TASK DESCRIPTION -> The full set of entries is to be returned word for word.
=== DATA IN THIS EXERCISE ===
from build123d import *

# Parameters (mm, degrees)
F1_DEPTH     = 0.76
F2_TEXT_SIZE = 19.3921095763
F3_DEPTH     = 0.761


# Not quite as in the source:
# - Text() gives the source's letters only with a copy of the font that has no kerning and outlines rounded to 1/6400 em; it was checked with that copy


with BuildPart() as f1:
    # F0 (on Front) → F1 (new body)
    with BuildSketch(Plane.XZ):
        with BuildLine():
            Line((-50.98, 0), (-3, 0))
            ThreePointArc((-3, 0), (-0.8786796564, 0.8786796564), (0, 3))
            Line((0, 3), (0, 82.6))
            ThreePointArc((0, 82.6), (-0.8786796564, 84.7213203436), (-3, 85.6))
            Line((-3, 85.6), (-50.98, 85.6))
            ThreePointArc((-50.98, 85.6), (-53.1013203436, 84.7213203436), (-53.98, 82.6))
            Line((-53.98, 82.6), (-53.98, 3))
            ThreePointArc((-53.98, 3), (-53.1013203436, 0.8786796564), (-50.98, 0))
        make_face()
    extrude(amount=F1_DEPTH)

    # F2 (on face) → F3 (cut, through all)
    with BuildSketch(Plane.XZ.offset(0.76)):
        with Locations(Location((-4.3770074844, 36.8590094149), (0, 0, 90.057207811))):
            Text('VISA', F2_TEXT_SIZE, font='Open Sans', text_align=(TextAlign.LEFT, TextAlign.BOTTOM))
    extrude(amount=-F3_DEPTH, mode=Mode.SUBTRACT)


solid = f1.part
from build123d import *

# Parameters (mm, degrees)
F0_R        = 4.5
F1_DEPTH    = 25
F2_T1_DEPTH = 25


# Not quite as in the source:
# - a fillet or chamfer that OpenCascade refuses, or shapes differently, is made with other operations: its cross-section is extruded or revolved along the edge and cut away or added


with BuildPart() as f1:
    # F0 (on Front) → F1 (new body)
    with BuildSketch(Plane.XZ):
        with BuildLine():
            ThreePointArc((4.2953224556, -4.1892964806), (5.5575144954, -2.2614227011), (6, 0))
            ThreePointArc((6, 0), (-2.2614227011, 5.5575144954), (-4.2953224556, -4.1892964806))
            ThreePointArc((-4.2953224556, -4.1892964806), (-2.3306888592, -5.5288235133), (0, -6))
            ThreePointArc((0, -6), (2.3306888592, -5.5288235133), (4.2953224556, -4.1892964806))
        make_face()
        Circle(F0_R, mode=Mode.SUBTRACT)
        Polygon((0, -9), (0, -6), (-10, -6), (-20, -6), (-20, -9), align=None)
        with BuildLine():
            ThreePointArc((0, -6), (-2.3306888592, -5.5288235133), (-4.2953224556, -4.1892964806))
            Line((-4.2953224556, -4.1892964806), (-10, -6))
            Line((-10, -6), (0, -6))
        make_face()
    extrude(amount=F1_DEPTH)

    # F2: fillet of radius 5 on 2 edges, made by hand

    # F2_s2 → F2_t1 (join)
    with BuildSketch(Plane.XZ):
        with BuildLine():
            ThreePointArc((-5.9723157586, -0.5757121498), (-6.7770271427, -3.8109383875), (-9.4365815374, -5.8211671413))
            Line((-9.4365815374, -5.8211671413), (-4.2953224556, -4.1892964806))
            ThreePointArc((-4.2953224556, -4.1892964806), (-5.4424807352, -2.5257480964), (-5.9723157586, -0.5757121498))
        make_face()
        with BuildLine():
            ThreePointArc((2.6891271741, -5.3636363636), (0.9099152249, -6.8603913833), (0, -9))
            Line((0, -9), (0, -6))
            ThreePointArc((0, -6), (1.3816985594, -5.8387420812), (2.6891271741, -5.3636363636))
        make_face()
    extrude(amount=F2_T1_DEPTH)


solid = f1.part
===
EXERCISE RESPONSE ->
from build123d import *

# Parameters (mm, degrees)
F1_DEPTH     = 0.76
F2_TEXT_SIZE = 19.3921095763
F3_DEPTH     = 0.761


# Not quite as in the source:
# - Text() gives the source's letters only with a copy of the font that has no kerning and outlines rounded to 1/6400 em; it was checked with that copy


with BuildPart() as f1:
    # F0 (on Front) → F1 (new body)
    with BuildSketch(Plane.XZ):
        with BuildLine():
            Line((-50.98, 0), (-3, 0))
            ThreePointArc((-3, 0), (-0.8786796564, 0.8786796564), (0, 3))
            Line((0, 3), (0, 82.6))
            ThreePointArc((0, 82.6), (-0.8786796564, 84.7213203436), (-3, 85.6))
            Line((-3, 85.6), (-50.98, 85.6))
            ThreePointArc((-50.98, 85.6), (-53.1013203436, 84.7213203436), (-53.98, 82.6))
            Line((-53.98, 82.6), (-53.98, 3))
            ThreePointArc((-53.98, 3), (-53.1013203436, 0.8786796564), (-50.98, 0))
        make_face()
    extrude(amount=F1_DEPTH)

    # F2 (on face) → F3 (cut, through all)
    with BuildSketch(Plane.XZ.offset(0.76)):
        with Locations(Location((-4.3770074844, 36.8590094149), (0, 0, 90.057207811))):
            Text('VISA', F2_TEXT_SIZE, font='Open Sans', text_align=(TextAlign.LEFT, TextAlign.BOTTOM))
    extrude(amount=-F3_DEPTH, mode=Mode.SUBTRACT)


solid = f1.part
from build123d import *

# Parameters (mm, degrees)
F0_R        = 4.5
F1_DEPTH    = 25
F2_T1_DEPTH = 25


# Not quite as in the source:
# - a fillet or chamfer that OpenCascade refuses, or shapes differently, is made with other operations: its cross-section is extruded or revolved along the edge and cut away or added


with BuildPart() as f1:
    # F0 (on Front) → F1 (new body)
    with BuildSketch(Plane.XZ):
        with BuildLine():
            ThreePointArc((4.2953224556, -4.1892964806), (5.5575144954, -2.2614227011), (6, 0))
            ThreePointArc((6, 0), (-2.2614227011, 5.5575144954), (-4.2953224556, -4.1892964806))
            ThreePointArc((-4.2953224556, -4.1892964806), (-2.3306888592, -5.5288235133), (0, -6))
            ThreePointArc((0, -6), (2.3306888592, -5.5288235133), (4.2953224556, -4.1892964806))
        make_face()
        Circle(F0_R, mode=Mode.SUBTRACT)
        Polygon((0, -9), (0, -6), (-10, -6), (-20, -6), (-20, -9), align=None)
        with BuildLine():
            ThreePointArc((0, -6), (-2.3306888592, -5.5288235133), (-4.2953224556, -4.1892964806))
            Line((-4.2953224556, -4.1892964806), (-10, -6))
            Line((-10, -6), (0, -6))
        make_face()
    extrude(amount=F1_DEPTH)

    # F2: fillet of radius 5 on 2 edges, made by hand

    # F2_s2 → F2_t1 (join)
    with BuildSketch(Plane.XZ):
        with BuildLine():
            ThreePointArc((-5.9723157586, -0.5757121498), (-6.7770271427, -3.8109383875), (-9.4365815374, -5.8211671413))
            Line((-9.4365815374, -5.8211671413), (-4.2953224556, -4.1892964806))
            ThreePointArc((-4.2953224556, -4.1892964806), (-5.4424807352, -2.5257480964), (-5.9723157586, -0.5757121498))
        make_face()
        with BuildLine():
            ThreePointArc((2.6891271741, -5.3636363636), (0.9099152249, -6.8603913833), (0, -9))
            Line((0, -9), (0, -6))
            ThreePointArc((0, -6), (1.3816985594, -5.8387420812), (2.6891271741, -5.3636363636))
        make_face()
    extrude(amount=F2_T1_DEPTH)


solid = f1.part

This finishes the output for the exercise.